→ **Exercise objective**: Word for word, restate the lines from the top of the records below through the line with "#15=CARTESIAN_POINT('',(0.,0.,0.));", both included, with no pictures in the result.

→ **Data for this task**:
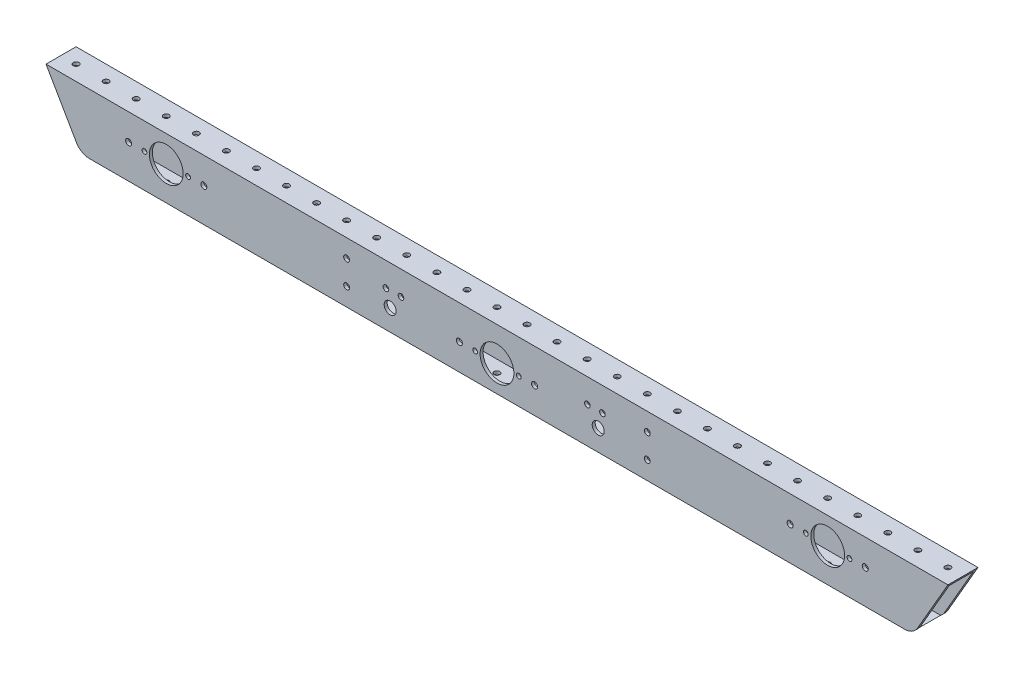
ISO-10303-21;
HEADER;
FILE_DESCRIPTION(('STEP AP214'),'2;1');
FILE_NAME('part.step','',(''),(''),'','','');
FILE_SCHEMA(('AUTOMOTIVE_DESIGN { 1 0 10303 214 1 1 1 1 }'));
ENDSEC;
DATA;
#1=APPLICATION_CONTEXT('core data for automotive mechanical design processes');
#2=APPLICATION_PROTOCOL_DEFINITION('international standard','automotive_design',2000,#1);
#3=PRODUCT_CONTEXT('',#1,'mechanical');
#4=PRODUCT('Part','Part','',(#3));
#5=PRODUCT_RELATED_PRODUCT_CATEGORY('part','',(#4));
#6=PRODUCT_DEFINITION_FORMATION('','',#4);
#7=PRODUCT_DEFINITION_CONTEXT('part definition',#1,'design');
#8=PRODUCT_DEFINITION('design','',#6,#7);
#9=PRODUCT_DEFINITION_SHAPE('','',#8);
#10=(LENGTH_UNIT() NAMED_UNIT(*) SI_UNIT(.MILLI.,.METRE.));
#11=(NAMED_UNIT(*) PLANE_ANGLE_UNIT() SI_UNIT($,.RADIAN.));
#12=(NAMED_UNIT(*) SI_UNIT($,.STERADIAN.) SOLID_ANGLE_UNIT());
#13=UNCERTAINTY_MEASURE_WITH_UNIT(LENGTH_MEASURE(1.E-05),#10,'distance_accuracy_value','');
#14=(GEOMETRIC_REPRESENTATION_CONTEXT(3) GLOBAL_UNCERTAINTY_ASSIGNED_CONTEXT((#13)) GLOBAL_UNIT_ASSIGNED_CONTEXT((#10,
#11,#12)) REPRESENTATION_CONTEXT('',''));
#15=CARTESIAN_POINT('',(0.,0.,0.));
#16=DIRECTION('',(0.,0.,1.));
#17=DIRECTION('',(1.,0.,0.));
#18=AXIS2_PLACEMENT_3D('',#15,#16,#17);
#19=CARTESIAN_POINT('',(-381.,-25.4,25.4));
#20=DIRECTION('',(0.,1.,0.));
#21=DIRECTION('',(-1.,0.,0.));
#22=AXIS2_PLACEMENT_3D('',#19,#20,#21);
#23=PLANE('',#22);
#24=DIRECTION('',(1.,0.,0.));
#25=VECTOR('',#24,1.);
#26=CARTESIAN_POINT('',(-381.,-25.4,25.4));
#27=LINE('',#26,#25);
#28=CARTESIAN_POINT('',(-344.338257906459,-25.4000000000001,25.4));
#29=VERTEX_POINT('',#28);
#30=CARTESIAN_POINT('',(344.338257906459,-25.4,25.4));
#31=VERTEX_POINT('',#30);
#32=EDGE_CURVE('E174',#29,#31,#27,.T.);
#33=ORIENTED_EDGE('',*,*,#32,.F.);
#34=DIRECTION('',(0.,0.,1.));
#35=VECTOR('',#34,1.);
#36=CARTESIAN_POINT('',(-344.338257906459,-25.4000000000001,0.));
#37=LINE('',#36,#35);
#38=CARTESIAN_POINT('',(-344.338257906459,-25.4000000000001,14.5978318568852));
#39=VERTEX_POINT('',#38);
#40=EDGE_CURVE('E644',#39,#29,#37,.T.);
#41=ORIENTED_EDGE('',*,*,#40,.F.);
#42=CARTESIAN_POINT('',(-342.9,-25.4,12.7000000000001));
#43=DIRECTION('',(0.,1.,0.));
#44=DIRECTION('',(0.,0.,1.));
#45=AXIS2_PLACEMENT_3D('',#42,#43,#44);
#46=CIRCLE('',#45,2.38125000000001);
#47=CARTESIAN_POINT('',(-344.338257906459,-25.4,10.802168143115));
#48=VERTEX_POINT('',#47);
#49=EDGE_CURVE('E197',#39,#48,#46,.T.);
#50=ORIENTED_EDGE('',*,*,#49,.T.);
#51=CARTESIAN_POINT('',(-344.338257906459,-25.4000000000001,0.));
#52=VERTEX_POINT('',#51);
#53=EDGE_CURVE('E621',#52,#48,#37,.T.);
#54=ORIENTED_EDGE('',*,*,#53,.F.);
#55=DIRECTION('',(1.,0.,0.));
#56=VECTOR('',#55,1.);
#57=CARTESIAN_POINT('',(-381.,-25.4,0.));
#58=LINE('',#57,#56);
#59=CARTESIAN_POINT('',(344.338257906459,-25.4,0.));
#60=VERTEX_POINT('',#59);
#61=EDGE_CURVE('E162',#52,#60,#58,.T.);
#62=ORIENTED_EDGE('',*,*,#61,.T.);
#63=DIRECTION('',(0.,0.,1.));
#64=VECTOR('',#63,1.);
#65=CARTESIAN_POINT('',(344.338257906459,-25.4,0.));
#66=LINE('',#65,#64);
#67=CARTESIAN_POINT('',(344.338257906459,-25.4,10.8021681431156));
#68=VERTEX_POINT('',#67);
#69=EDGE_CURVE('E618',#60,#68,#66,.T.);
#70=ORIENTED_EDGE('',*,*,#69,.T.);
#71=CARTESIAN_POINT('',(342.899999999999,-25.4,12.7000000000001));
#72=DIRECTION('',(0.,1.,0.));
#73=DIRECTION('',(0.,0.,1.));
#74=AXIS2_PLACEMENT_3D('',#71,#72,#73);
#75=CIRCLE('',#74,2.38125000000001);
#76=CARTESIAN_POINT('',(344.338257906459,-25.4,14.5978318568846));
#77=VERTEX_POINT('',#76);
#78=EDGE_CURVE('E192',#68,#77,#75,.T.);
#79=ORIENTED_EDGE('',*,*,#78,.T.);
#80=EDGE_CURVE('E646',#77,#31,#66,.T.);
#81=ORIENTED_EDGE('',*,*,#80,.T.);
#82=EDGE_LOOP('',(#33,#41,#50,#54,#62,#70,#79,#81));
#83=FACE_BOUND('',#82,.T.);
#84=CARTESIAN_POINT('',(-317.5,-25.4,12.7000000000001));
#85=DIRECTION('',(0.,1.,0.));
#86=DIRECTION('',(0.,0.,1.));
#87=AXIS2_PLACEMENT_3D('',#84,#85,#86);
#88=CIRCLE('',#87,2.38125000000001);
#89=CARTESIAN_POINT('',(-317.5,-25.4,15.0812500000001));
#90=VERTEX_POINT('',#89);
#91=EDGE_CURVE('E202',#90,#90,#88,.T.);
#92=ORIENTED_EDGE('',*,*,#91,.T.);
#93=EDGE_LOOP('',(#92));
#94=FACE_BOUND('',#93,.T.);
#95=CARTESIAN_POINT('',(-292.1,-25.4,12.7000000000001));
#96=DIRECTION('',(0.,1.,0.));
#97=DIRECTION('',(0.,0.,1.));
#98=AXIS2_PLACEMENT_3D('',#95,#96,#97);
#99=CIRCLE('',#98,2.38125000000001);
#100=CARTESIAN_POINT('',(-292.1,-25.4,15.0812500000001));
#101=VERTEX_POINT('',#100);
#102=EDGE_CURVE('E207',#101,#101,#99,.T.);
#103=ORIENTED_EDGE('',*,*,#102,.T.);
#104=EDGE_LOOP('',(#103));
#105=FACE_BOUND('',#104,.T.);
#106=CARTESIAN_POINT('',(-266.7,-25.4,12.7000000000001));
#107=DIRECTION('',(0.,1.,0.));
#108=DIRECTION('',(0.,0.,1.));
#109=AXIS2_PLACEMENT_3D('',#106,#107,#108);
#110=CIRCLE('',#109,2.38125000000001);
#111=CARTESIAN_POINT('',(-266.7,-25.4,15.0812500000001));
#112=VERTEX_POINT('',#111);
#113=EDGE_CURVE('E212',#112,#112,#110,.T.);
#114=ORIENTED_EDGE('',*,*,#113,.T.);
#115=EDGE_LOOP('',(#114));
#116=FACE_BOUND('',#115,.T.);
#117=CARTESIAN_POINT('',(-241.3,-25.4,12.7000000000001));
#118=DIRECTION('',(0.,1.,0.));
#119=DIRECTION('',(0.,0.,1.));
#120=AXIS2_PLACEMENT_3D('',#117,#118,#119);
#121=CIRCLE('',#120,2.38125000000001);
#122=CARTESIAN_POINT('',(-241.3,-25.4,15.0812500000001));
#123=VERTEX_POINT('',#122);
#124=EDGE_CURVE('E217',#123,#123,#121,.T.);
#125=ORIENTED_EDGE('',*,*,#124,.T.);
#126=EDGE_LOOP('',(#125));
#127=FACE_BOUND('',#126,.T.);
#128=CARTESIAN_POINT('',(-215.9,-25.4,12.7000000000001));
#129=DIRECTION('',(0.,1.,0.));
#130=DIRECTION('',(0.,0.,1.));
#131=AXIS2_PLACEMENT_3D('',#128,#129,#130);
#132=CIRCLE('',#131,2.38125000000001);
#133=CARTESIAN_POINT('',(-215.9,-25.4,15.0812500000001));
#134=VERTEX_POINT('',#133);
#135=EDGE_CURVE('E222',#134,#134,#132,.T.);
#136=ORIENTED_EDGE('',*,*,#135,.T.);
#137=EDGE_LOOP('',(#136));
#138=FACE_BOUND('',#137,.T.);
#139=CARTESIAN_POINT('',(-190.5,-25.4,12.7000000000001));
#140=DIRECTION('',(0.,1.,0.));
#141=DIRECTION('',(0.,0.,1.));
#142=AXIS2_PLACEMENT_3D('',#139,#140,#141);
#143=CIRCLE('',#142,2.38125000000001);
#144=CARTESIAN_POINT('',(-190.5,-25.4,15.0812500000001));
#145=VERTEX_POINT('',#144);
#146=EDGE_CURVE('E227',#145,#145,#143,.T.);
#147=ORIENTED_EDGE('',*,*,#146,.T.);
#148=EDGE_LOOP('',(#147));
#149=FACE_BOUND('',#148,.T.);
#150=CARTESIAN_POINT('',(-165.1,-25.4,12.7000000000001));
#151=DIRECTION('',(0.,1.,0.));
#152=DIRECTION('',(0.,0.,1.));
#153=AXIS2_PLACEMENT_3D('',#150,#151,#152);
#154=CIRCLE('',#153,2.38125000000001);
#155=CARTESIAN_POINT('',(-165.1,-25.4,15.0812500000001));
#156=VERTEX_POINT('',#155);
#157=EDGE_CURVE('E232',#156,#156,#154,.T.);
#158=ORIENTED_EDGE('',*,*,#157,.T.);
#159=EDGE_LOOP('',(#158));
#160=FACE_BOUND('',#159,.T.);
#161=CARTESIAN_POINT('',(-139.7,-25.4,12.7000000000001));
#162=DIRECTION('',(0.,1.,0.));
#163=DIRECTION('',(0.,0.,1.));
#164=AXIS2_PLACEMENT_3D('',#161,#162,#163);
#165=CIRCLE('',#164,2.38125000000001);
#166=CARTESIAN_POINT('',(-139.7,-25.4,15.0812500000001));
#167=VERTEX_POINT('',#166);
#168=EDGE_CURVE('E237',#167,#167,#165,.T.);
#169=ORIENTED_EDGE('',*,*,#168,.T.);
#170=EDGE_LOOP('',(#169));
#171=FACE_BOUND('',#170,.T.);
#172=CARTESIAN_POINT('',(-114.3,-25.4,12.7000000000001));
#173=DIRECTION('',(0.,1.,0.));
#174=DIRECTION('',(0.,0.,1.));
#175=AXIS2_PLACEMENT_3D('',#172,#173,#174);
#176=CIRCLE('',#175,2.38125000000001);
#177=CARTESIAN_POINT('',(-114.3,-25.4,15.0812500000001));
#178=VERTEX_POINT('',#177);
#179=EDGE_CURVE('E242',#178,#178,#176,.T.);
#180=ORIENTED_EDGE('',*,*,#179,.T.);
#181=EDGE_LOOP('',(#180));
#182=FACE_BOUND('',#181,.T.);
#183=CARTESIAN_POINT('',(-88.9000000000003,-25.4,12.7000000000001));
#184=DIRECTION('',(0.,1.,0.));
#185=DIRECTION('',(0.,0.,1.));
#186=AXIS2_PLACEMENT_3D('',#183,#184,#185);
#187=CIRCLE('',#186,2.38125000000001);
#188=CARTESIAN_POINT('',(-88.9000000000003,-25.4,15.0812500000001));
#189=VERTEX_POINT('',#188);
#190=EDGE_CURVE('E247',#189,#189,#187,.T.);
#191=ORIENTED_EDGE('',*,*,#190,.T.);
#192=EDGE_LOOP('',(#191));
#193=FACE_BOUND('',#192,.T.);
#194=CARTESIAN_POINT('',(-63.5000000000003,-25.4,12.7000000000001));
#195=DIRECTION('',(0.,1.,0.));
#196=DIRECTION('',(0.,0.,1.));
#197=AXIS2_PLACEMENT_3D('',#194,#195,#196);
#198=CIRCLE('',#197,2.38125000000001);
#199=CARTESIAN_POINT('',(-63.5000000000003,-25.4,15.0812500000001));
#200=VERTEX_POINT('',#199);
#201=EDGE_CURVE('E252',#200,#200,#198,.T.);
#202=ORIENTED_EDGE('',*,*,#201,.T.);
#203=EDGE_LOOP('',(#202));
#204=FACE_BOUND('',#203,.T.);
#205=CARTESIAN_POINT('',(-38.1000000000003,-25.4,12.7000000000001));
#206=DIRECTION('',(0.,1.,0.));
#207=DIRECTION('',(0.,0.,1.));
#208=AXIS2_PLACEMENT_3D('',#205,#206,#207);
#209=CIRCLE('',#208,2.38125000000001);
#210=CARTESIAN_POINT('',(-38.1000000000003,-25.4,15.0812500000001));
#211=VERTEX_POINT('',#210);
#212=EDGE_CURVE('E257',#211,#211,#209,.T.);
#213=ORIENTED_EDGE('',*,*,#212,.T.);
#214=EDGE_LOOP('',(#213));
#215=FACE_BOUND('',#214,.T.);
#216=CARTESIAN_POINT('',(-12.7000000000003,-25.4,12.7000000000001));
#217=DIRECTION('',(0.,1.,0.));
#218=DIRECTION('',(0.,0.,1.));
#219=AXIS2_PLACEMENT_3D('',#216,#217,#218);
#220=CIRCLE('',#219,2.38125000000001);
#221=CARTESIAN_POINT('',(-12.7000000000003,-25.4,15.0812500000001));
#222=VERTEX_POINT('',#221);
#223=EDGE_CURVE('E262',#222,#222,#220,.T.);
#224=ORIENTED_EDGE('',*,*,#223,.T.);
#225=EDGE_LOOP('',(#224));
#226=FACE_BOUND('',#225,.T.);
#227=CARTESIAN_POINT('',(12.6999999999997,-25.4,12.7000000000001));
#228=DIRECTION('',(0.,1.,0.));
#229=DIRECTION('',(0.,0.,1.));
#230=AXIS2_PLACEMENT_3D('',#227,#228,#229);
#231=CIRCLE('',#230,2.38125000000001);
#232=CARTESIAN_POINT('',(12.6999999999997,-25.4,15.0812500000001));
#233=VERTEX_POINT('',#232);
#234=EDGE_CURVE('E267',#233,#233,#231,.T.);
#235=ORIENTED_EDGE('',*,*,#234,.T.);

→ **Reply**:
ISO-10303-21;
HEADER;
FILE_DESCRIPTION(('STEP AP214'),'2;1');
FILE_NAME('part.step','',(''),(''),'','','');
FILE_SCHEMA(('AUTOMOTIVE_DESIGN { 1 0 10303 214 1 1 1 1 }'));
ENDSEC;
DATA;
#1=APPLICATION_CONTEXT('core data for automotive mechanical design processes');
#2=APPLICATION_PROTOCOL_DEFINITION('international standard','automotive_design',2000,#1);
#3=PRODUCT_CONTEXT('',#1,'mechanical');
#4=PRODUCT('Part','Part','',(#3));
#5=PRODUCT_RELATED_PRODUCT_CATEGORY('part','',(#4));
#6=PRODUCT_DEFINITION_FORMATION('','',#4);
#7=PRODUCT_DEFINITION_CONTEXT('part definition',#1,'design');
#8=PRODUCT_DEFINITION('design','',#6,#7);
#9=PRODUCT_DEFINITION_SHAPE('','',#8);
#10=(LENGTH_UNIT() NAMED_UNIT(*) SI_UNIT(.MILLI.,.METRE.));
#11=(NAMED_UNIT(*) PLANE_ANGLE_UNIT() SI_UNIT($,.RADIAN.));
#12=(NAMED_UNIT(*) SI_UNIT($,.STERADIAN.) SOLID_ANGLE_UNIT());
#13=UNCERTAINTY_MEASURE_WITH_UNIT(LENGTH_MEASURE(1.E-05),#10,'distance_accuracy_value','');
#14=(GEOMETRIC_REPRESENTATION_CONTEXT(3) GLOBAL_UNCERTAINTY_ASSIGNED_CONTEXT((#13)) GLOBAL_UNIT_ASSIGNED_CONTEXT((#10,
#11,#12)) REPRESENTATION_CONTEXT('',''));
#15=CARTESIAN_POINT('',(0.,0.,0.));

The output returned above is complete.